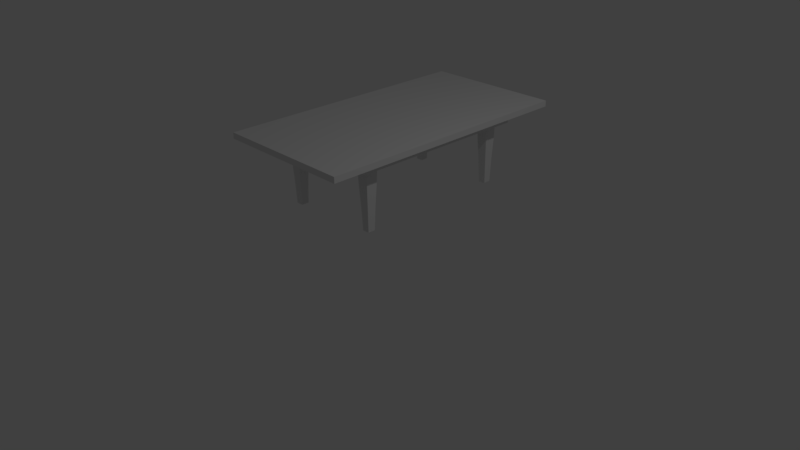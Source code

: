 # Source: Table.blend  (saved by Blender 2.77.0; exported with 4.5.12 LTS)
import bpy
from mathutils import Matrix  # noqa: F401  (used for matrix-valued properties, if any)

bpy.ops.wm.read_factory_settings(use_empty=True)
scene = bpy.context.scene
scene.name = 'Scene'

# ---- collections
col_collection_1 = bpy.data.collections.new('Collection 1'); scene.collection.children.link(col_collection_1)

# ---- materials (node trees are filled in below, after node groups)
mat_material = bpy.data.materials.new('Material')
mat_material.alpha_threshold = 0.0
mat_material.use_transparent_shadow = False
mat_material.roughness = 0.5
mat_material.line_color = (0.0, 0.0, 0.0, 1.0)

# ---- material node trees

# ---- world
world_world = bpy.data.worlds.new('World'); scene.world = world_world
world_world.color = (0.05088, 0.05088, 0.05088)
world_world.use_sun_shadow = False
world_world.sun_shadow_jitter_overblur = 0.0
world_world.cycles.sampling_method = 'MANUAL'

# ---- cameras
cam_camera = bpy.data.cameras.new('Camera')
cam_camera.clip_end = 100.0
cam_camera.lens = 35.0
cam_camera.sensor_width = 32.0
cam_camera.sensor_height = 18.0
cam_camera.ortho_scale = 7.314
cam_camera.dof.focus_distance = 0.0
cam_camera.dof.aperture_fstop = 128.0

# ---- lights
light_lamp = bpy.data.lights.new('Lamp', 'POINT')
light_lamp.transmission_factor = 0.0
light_lamp.cutoff_distance = 30.0
light_lamp.energy = 100.0
light_lamp.shadow_buffer_clip_start = 1.001
light_lamp.shadow_soft_size = 0.1
light_lamp.shadow_maximum_resolution = 0.006
light_lamp.use_absolute_resolution = True

# ---- meshes
me_cube_011 = bpy.data.meshes.new('Cube.011')
me_cube_011.from_pydata([(0.4984, 0.4984, -0.5449), (0.4984, -0.4984, -0.5449), (-0.4984, -0.4984, -0.5449), (-0.4984, 0.4984, -0.5449), (1.0, 1.0, 1.0), (1.0, -1.0, 1.0), (-1.0, -1.0, 1.0), (-1.0, 1.0, 1.0), (0.4984, 2.449e-08, -0.5449), (1.265e-07, 0.4984, -0.5449), (0.7557, 0.7557, 0.4551), (3.737e-08, -0.4984, -0.5449), (0.7557, -0.7557, 0.4551), (-0.4984, 2.027e-07, -0.5449), (-0.7557, -0.7557, 0.4551), (-0.7557, 0.7557, 0.4551), (1.0, -5.364e-07, 1.0), (2.384e-07, 1.0, 1.0), (-5.364e-07, -1.0, 1.0), (-1.0, 1.788e-07, 1.0), (1.747e-07, 0.7557, 0.4551), (-0.7557, 1.756e-07, 0.4551), (-2.307e-07, -0.7557, 0.4551), (0.7557, -2.298e-07, 0.4551), (-1.49e-07, -1.788e-07, 1.0), (5.96e-08, 1.192e-07, -0.5449), (0.4984, -0.2492, -0.5449), (-0.2492, 0.4984, -0.5449), (0.8349, 0.8349, 0.9551), (-0.2492, -0.4984, -0.5449), (0.8349, -0.8349, 0.9551), (-0.4984, 0.2492, -0.5449), (-0.8349, -0.8349, 0.9551), (-0.8349, 0.8349, 0.9551), (1.0, -0.5, 1.0), (-0.5, 1.0, 1.0), (-0.5, -1.0, 1.0), (-1.0, 0.5, 1.0), (0.4984, 0.2492, -0.5449), (0.2492, 0.4984, -0.5449), (0.6022, 0.6022, -0.04494), (0.2492, -0.4984, -0.5449), (0.6022, -0.6022, -0.04494), (-0.4984, -0.2492, -0.5449), (-0.6022, -0.6022, -0.04494), (-0.6022, 0.6022, -0.04494), (1.0, 0.5, 1.0), (0.5, 1.0, 1.0), (0.5, -1.0, 1.0), (-1.0, -0.5, 1.0), (-0.3778, 0.7557, 0.4551), (0.3778, 0.7557, 0.4551), (1.861e-07, 0.8349, 0.9551), (1.264e-07, 0.6022, -0.04494), (-0.7557, 0.3778, 0.4551), (-0.7557, -0.3778, 0.4551), (-0.6022, 1.793e-07, -0.04494), (-0.8349, 1.576e-07, 0.9551), (-0.3778, -0.7557, 0.4551), (0.3778, -0.7557, 0.4551), (-8.899e-08, -0.6022, -0.04494), (-3.613e-07, -0.8349, 0.9551), (0.7557, -0.3778, 0.4551), (0.7557, 0.3778, 0.4551), (0.6022, -8.99e-08, -0.04494), (0.8349, -3.65e-07, 0.9551), (-3.427e-07, -0.5, 1.0), (4.47e-08, 0.5, 1.0), (0.5, -3.576e-07, 1.0), (-0.5, 0.0, 1.0), (-0.5, 2.086e-07, -0.5449), (0.5, 2.98e-08, -0.5449), (1.192e-07, 0.5, -0.5449), (2.98e-08, -0.5, -0.5449), (0.5, -0.5, -0.5449), (0.5, 0.5, -0.5449), (-0.5, 0.5, -0.5449), (-0.5, 0.5, 1.0), (0.5, 0.5, 1.0), (0.5, -0.5, 1.0), (0.8349, 0.4175, 0.9551), (0.6022, 0.3011, -0.04494), (0.6022, -0.3011, -0.04494), (0.4175, -0.8349, 0.9551), (0.3011, -0.6022, -0.04494), (-0.3011, -0.6022, -0.04494), (-0.8349, -0.4175, 0.9551), (-0.6022, -0.3011, -0.04494), (-0.6022, 0.3011, -0.04494), (0.3011, 0.6022, -0.04494), (0.4175, 0.8349, 0.9551), (-0.4175, 0.8349, 0.9551), (-0.3011, 0.6022, -0.04494), (-0.8349, 0.4175, 0.9551), (-0.4175, -0.8349, 0.9551), (0.8349, -0.4175, 0.9551), (-0.5, -0.5, 1.0), (-0.5, -0.5, -0.5449), (-0.3778, 0.7557, 0.4551), (-0.7557, 0.7557, 0.4551), (0.3778, 0.7557, 0.4551), (1.747e-07, 0.7557, 0.4551), (-0.7557, 0.3778, 0.4551), (-0.7557, -0.3778, 0.4551), (-0.7557, 1.756e-07, 0.4551), (-0.3778, -0.7557, 0.4551), (-0.7557, -0.7557, 0.4551), (0.3778, -0.7557, 0.4551), (-2.307e-07, -0.7557, 0.4551), (0.7557, -0.3778, 0.4551), (0.7557, -0.7557, 0.4551), (0.7557, 0.3778, 0.4551), (0.7557, -2.298e-07, 0.4551), (0.7557, 0.7557, 0.4551)], [], [(97, 29, 2, 43), (96, 49, 6, 36), (95, 34, 5, 30), (94, 36, 6, 32), (93, 37, 7, 33), (92, 27, 3, 45), (91, 98, 15, 33), (90, 100, 101, 52), (89, 39, 9, 53), (88, 102, 99, 45), (87, 103, 104, 56), (86, 49, 19, 57), (85, 105, 106, 44), (84, 107, 108, 60), (83, 48, 18, 61), (82, 109, 110, 42), (81, 111, 112, 64), (80, 46, 16, 65), (79, 66, 18, 48), (78, 67, 24, 68), (77, 37, 19, 69), (76, 70, 13, 31), (75, 71, 25, 72), (74, 41, 11, 73), (71, 74, 73, 25), (8, 26, 74, 71), (26, 1, 41, 74), (39, 75, 72, 9), (0, 38, 75, 39), (38, 8, 71, 75), (27, 76, 31, 3), (9, 72, 76, 27), (72, 25, 70, 76), (67, 77, 69, 24), (17, 35, 77, 67), (35, 7, 37, 77), (46, 78, 68, 16), (4, 47, 78, 46), (47, 17, 67, 78), (34, 79, 48, 5), (16, 68, 79, 34), (68, 24, 66, 79), (63, 80, 65, 23), (10, 28, 80, 63), (28, 4, 46, 80), (38, 81, 64, 8), (0, 40, 81, 38), (40, 113, 111, 81), (26, 82, 42, 1), (8, 64, 82, 26), (64, 112, 109, 82), (59, 83, 61, 22), (12, 30, 83, 59), (30, 5, 48, 83), (41, 84, 60, 11), (1, 42, 84, 41), (42, 110, 107, 84), (29, 85, 44, 2), (11, 60, 85, 29), (60, 108, 105, 85), (55, 86, 57, 21), (14, 32, 86, 55), (32, 6, 49, 86), (43, 87, 56, 13), (2, 44, 87, 43), (44, 106, 103, 87), (31, 88, 45, 3), (13, 56, 88, 31), (56, 104, 102, 88), (51, 89, 53, 20), (113, 40, 89, 51), (40, 0, 39, 89), (47, 90, 52, 17), (4, 28, 90, 47), (28, 10, 100, 90), (35, 91, 33, 7), (17, 52, 91, 35), (52, 101, 98, 91), (50, 92, 45, 99), (20, 53, 92, 50), (53, 9, 27, 92), (54, 93, 33, 15), (21, 57, 93, 54), (57, 19, 37, 93), (58, 94, 32, 14), (22, 61, 94, 58), (61, 18, 36, 94), (62, 95, 30, 12), (23, 65, 95, 62), (65, 16, 34, 95), (66, 96, 36, 18), (24, 69, 96, 66), (69, 19, 49, 96), (70, 97, 43, 13), (25, 73, 97, 70), (73, 11, 29, 97)])
me_cube_011.materials.append(mat_material)
me_cube_011.use_remesh_preserve_volume = False
me_cube_011.use_remesh_preserve_attributes = False
me_cube_011.use_mirror_vertex_groups = False
me_cube_011.update()
me_cube_010 = bpy.data.meshes.new('Cube.010')
me_cube_010.from_pydata([(0.4984, 0.4984, -0.5474), (0.4984, -0.4984, -0.5474), (-0.4984, -0.4984, -0.5474), (-0.4984, 0.4984, -0.5474), (1.0, 1.0, 1.0), (1.0, -1.0, 1.0), (-1.0, -1.0, 1.0), (-1.0, 1.0, 1.0), (0.4984, 2.449e-08, -0.5474), (1.265e-07, 0.4984, -0.5474), (0.7557, 0.7557, 0.4526), (3.737e-08, -0.4984, -0.5474), (0.7557, -0.7557, 0.4526), (-0.4984, 2.027e-07, -0.5474), (-0.7557, -0.7557, 0.4526), (-0.7557, 0.7557, 0.4526), (1.0, -5.364e-07, 1.0), (2.384e-07, 1.0, 1.0), (-5.364e-07, -1.0, 1.0), (-1.0, 1.788e-07, 1.0), (1.747e-07, 0.7557, 0.4526), (-0.7557, 1.756e-07, 0.4526), (-2.307e-07, -0.7557, 0.4526), (0.7557, -2.298e-07, 0.4526), (-1.49e-07, -1.788e-07, 1.0), (5.96e-08, 1.192e-07, -0.5474), (0.4984, -0.2492, -0.5474), (-0.2492, 0.4984, -0.5474), (0.8349, 0.8349, 0.9526), (-0.2492, -0.4984, -0.5474), (0.8349, -0.8349, 0.9526), (-0.4984, 0.2492, -0.5474), (-0.8349, -0.8349, 0.9526), (-0.8349, 0.8349, 0.9526), (1.0, -0.5, 1.0), (-0.5, 1.0, 1.0), (-0.5, -1.0, 1.0), (-1.0, 0.5, 1.0), (0.4984, 0.2492, -0.5474), (0.2492, 0.4984, -0.5474), (0.6022, 0.6022, -0.04738), (0.2492, -0.4984, -0.5474), (0.6022, -0.6022, -0.04738), (-0.4984, -0.2492, -0.5474), (-0.6022, -0.6022, -0.04738), (-0.6022, 0.6022, -0.04738), (1.0, 0.5, 1.0), (0.5, 1.0, 1.0), (0.5, -1.0, 1.0), (-1.0, -0.5, 1.0), (-0.3778, 0.7557, 0.4526), (0.3778, 0.7557, 0.4526), (1.861e-07, 0.8349, 0.9526), (1.264e-07, 0.6022, -0.04738), (-0.7557, 0.3778, 0.4526), (-0.7557, -0.3778, 0.4526), (-0.6022, 1.793e-07, -0.04738), (-0.8349, 1.576e-07, 0.9526), (-0.3778, -0.7557, 0.4526), (0.3778, -0.7557, 0.4526), (-8.899e-08, -0.6022, -0.04738), (-3.613e-07, -0.8349, 0.9526), (0.7557, -0.3778, 0.4526), (0.7557, 0.3778, 0.4526), (0.6022, -8.99e-08, -0.04738), (0.8349, -3.65e-07, 0.9526), (-3.427e-07, -0.5, 1.0), (4.47e-08, 0.5, 1.0), (0.5, -3.576e-07, 1.0), (-0.5, 0.0, 1.0), (-0.5, 2.086e-07, -0.5474), (0.5, 2.98e-08, -0.5474), (1.192e-07, 0.5, -0.5474), (2.98e-08, -0.5, -0.5474), (0.5, -0.5, -0.5474), (0.5, 0.5, -0.5474), (-0.5, 0.5, -0.5474), (-0.5, 0.5, 1.0), (0.5, 0.5, 1.0), (0.5, -0.5, 1.0), (0.8349, 0.4175, 0.9526), (0.6022, 0.3011, -0.04738), (0.6022, -0.3011, -0.04738), (0.4175, -0.8349, 0.9526), (0.3011, -0.6022, -0.04738), (-0.3011, -0.6022, -0.04738), (-0.8349, -0.4175, 0.9526), (-0.6022, -0.3011, -0.04738), (-0.6022, 0.3011, -0.04738), (0.3011, 0.6022, -0.04738), (0.4175, 0.8349, 0.9526), (-0.4175, 0.8349, 0.9526), (-0.3011, 0.6022, -0.04738), (-0.8349, 0.4175, 0.9526), (-0.4175, -0.8349, 0.9526), (0.8349, -0.4175, 0.9526), (-0.5, -0.5, 1.0), (-0.5, -0.5, -0.5474), (-0.3778, 0.7557, 0.4526), (-0.7557, 0.7557, 0.4526), (0.3778, 0.7557, 0.4526), (1.747e-07, 0.7557, 0.4526), (-0.7557, 0.3778, 0.4526), (-0.7557, -0.3778, 0.4526), (-0.7557, 1.756e-07, 0.4526), (-0.3778, -0.7557, 0.4526), (-0.7557, -0.7557, 0.4526), (0.3778, -0.7557, 0.4526), (-2.307e-07, -0.7557, 0.4526), (0.7557, -0.3778, 0.4526), (0.7557, -0.7557, 0.4526), (0.7557, 0.3778, 0.4526), (0.7557, -2.298e-07, 0.4526), (0.7557, 0.7557, 0.4526)], [], [(97, 29, 2, 43), (96, 49, 6, 36), (95, 34, 5, 30), (94, 36, 6, 32), (93, 37, 7, 33), (92, 27, 3, 45), (91, 98, 15, 33), (90, 100, 101, 52), (89, 39, 9, 53), (88, 102, 99, 45), (87, 103, 104, 56), (86, 49, 19, 57), (85, 105, 106, 44), (84, 107, 108, 60), (83, 48, 18, 61), (82, 109, 110, 42), (81, 111, 112, 64), (80, 46, 16, 65), (79, 66, 18, 48), (78, 67, 24, 68), (77, 37, 19, 69), (76, 70, 13, 31), (75, 71, 25, 72), (74, 41, 11, 73), (71, 74, 73, 25), (8, 26, 74, 71), (26, 1, 41, 74), (39, 75, 72, 9), (0, 38, 75, 39), (38, 8, 71, 75), (27, 76, 31, 3), (9, 72, 76, 27), (72, 25, 70, 76), (67, 77, 69, 24), (17, 35, 77, 67), (35, 7, 37, 77), (46, 78, 68, 16), (4, 47, 78, 46), (47, 17, 67, 78), (34, 79, 48, 5), (16, 68, 79, 34), (68, 24, 66, 79), (63, 80, 65, 23), (10, 28, 80, 63), (28, 4, 46, 80), (38, 81, 64, 8), (0, 40, 81, 38), (40, 113, 111, 81), (26, 82, 42, 1), (8, 64, 82, 26), (64, 112, 109, 82), (59, 83, 61, 22), (12, 30, 83, 59), (30, 5, 48, 83), (41, 84, 60, 11), (1, 42, 84, 41), (42, 110, 107, 84), (29, 85, 44, 2), (11, 60, 85, 29), (60, 108, 105, 85), (55, 86, 57, 21), (14, 32, 86, 55), (32, 6, 49, 86), (43, 87, 56, 13), (2, 44, 87, 43), (44, 106, 103, 87), (31, 88, 45, 3), (13, 56, 88, 31), (56, 104, 102, 88), (51, 89, 53, 20), (113, 40, 89, 51), (40, 0, 39, 89), (47, 90, 52, 17), (4, 28, 90, 47), (28, 10, 100, 90), (35, 91, 33, 7), (17, 52, 91, 35), (52, 101, 98, 91), (50, 92, 45, 99), (20, 53, 92, 50), (53, 9, 27, 92), (54, 93, 33, 15), (21, 57, 93, 54), (57, 19, 37, 93), (58, 94, 32, 14), (22, 61, 94, 58), (61, 18, 36, 94), (62, 95, 30, 12), (23, 65, 95, 62), (65, 16, 34, 95), (66, 96, 36, 18), (24, 69, 96, 66), (69, 19, 49, 96), (70, 97, 43, 13), (25, 73, 97, 70), (73, 11, 29, 97)])
me_cube_010.materials.append(mat_material)
me_cube_010.use_remesh_preserve_volume = False
me_cube_010.use_remesh_preserve_attributes = False
me_cube_010.use_mirror_vertex_groups = False
me_cube_010.update()
me_cube_009 = bpy.data.meshes.new('Cube.009')
me_cube_009.from_pydata([(0.4984, 0.4984, -0.5236), (0.4984, -0.4984, -0.5236), (-0.4984, -0.4984, -0.5236), (-0.4984, 0.4984, -0.5236), (1.0, 1.0, 1.0), (1.0, -1.0, 1.0), (-1.0, -1.0, 1.0), (-1.0, 1.0, 1.0), (0.4984, 2.449e-08, -0.5236), (1.265e-07, 0.4984, -0.5236), (0.7557, 0.7557, 0.4764), (3.737e-08, -0.4984, -0.5236), (0.7557, -0.7557, 0.4764), (-0.4984, 2.027e-07, -0.5236), (-0.7557, -0.7557, 0.4764), (-0.7557, 0.7557, 0.4764), (1.0, -5.364e-07, 1.0), (2.384e-07, 1.0, 1.0), (-5.364e-07, -1.0, 1.0), (-1.0, 1.788e-07, 1.0), (1.747e-07, 0.7557, 0.4764), (-0.7557, 1.756e-07, 0.4764), (-2.307e-07, -0.7557, 0.4764), (0.7557, -2.298e-07, 0.4764), (-1.49e-07, -1.788e-07, 1.0), (5.96e-08, 1.192e-07, -0.5236), (0.4984, -0.2492, -0.5236), (-0.2492, 0.4984, -0.5236), (0.8349, 0.8349, 0.9764), (-0.2492, -0.4984, -0.5236), (0.8349, -0.8349, 0.9764), (-0.4984, 0.2492, -0.5236), (-0.8349, -0.8349, 0.9764), (-0.8349, 0.8349, 0.9764), (1.0, -0.5, 1.0), (-0.5, 1.0, 1.0), (-0.5, -1.0, 1.0), (-1.0, 0.5, 1.0), (0.4984, 0.2492, -0.5236), (0.2492, 0.4984, -0.5236), (0.6022, 0.6022, -0.02358), (0.2492, -0.4984, -0.5236), (0.6022, -0.6022, -0.02358), (-0.4984, -0.2492, -0.5236), (-0.6022, -0.6022, -0.02358), (-0.6022, 0.6022, -0.02358), (1.0, 0.5, 1.0), (0.5, 1.0, 1.0), (0.5, -1.0, 1.0), (-1.0, -0.5, 1.0), (-0.3778, 0.7557, 0.4764), (0.3778, 0.7557, 0.4764), (1.861e-07, 0.8349, 0.9764), (1.264e-07, 0.6022, -0.02358), (-0.7557, 0.3778, 0.4764), (-0.7557, -0.3778, 0.4764), (-0.6022, 1.793e-07, -0.02358), (-0.8349, 1.576e-07, 0.9764), (-0.3778, -0.7557, 0.4764), (0.3778, -0.7557, 0.4764), (-8.899e-08, -0.6022, -0.02358), (-3.613e-07, -0.8349, 0.9764), (0.7557, -0.3778, 0.4764), (0.7557, 0.3778, 0.4764), (0.6022, -8.99e-08, -0.02358), (0.8349, -3.65e-07, 0.9764), (-3.427e-07, -0.5, 1.0), (4.47e-08, 0.5, 1.0), (0.5, -3.576e-07, 1.0), (-0.5, 0.0, 1.0), (-0.5, 2.086e-07, -0.5236), (0.5, 2.98e-08, -0.5236), (1.192e-07, 0.5, -0.5236), (2.98e-08, -0.5, -0.5236), (0.5, -0.5, -0.5236), (0.5, 0.5, -0.5236), (-0.5, 0.5, -0.5236), (-0.5, 0.5, 1.0), (0.5, 0.5, 1.0), (0.5, -0.5, 1.0), (0.8349, 0.4175, 0.9764), (0.6022, 0.3011, -0.02358), (0.6022, -0.3011, -0.02358), (0.4175, -0.8349, 0.9764), (0.3011, -0.6022, -0.02358), (-0.3011, -0.6022, -0.02358), (-0.8349, -0.4175, 0.9764), (-0.6022, -0.3011, -0.02358), (-0.6022, 0.3011, -0.02358), (0.3011, 0.6022, -0.02358), (0.4175, 0.8349, 0.9764), (-0.4175, 0.8349, 0.9764), (-0.3011, 0.6022, -0.02358), (-0.8349, 0.4175, 0.9764), (-0.4175, -0.8349, 0.9764), (0.8349, -0.4175, 0.9764), (-0.5, -0.5, 1.0), (-0.5, -0.5, -0.5236), (-0.3778, 0.7557, 0.4764), (-0.7557, 0.7557, 0.4764), (0.3778, 0.7557, 0.4764), (1.747e-07, 0.7557, 0.4764), (-0.7557, 0.3778, 0.4764), (-0.7557, -0.3778, 0.4764), (-0.7557, 1.756e-07, 0.4764), (-0.3778, -0.7557, 0.4764), (-0.7557, -0.7557, 0.4764), (0.3778, -0.7557, 0.4764), (-2.307e-07, -0.7557, 0.4764), (0.7557, -0.3778, 0.4764), (0.7557, -0.7557, 0.4764), (0.7557, 0.3778, 0.4764), (0.7557, -2.298e-07, 0.4764), (0.7557, 0.7557, 0.4764)], [], [(97, 29, 2, 43), (96, 49, 6, 36), (95, 34, 5, 30), (94, 36, 6, 32), (93, 37, 7, 33), (92, 27, 3, 45), (91, 98, 15, 33), (90, 100, 101, 52), (89, 39, 9, 53), (88, 102, 99, 45), (87, 103, 104, 56), (86, 49, 19, 57), (85, 105, 106, 44), (84, 107, 108, 60), (83, 48, 18, 61), (82, 109, 110, 42), (81, 111, 112, 64), (80, 46, 16, 65), (79, 66, 18, 48), (78, 67, 24, 68), (77, 37, 19, 69), (76, 70, 13, 31), (75, 71, 25, 72), (74, 41, 11, 73), (71, 74, 73, 25), (8, 26, 74, 71), (26, 1, 41, 74), (39, 75, 72, 9), (0, 38, 75, 39), (38, 8, 71, 75), (27, 76, 31, 3), (9, 72, 76, 27), (72, 25, 70, 76), (67, 77, 69, 24), (17, 35, 77, 67), (35, 7, 37, 77), (46, 78, 68, 16), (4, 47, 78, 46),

****

▶ [TASK]
Copy out the lines of the records above in which the string "trees" appears.

▶ [SOLUTION BELOW]
# ---- materials (node trees are filled in below, after node groups)
# ---- material node trees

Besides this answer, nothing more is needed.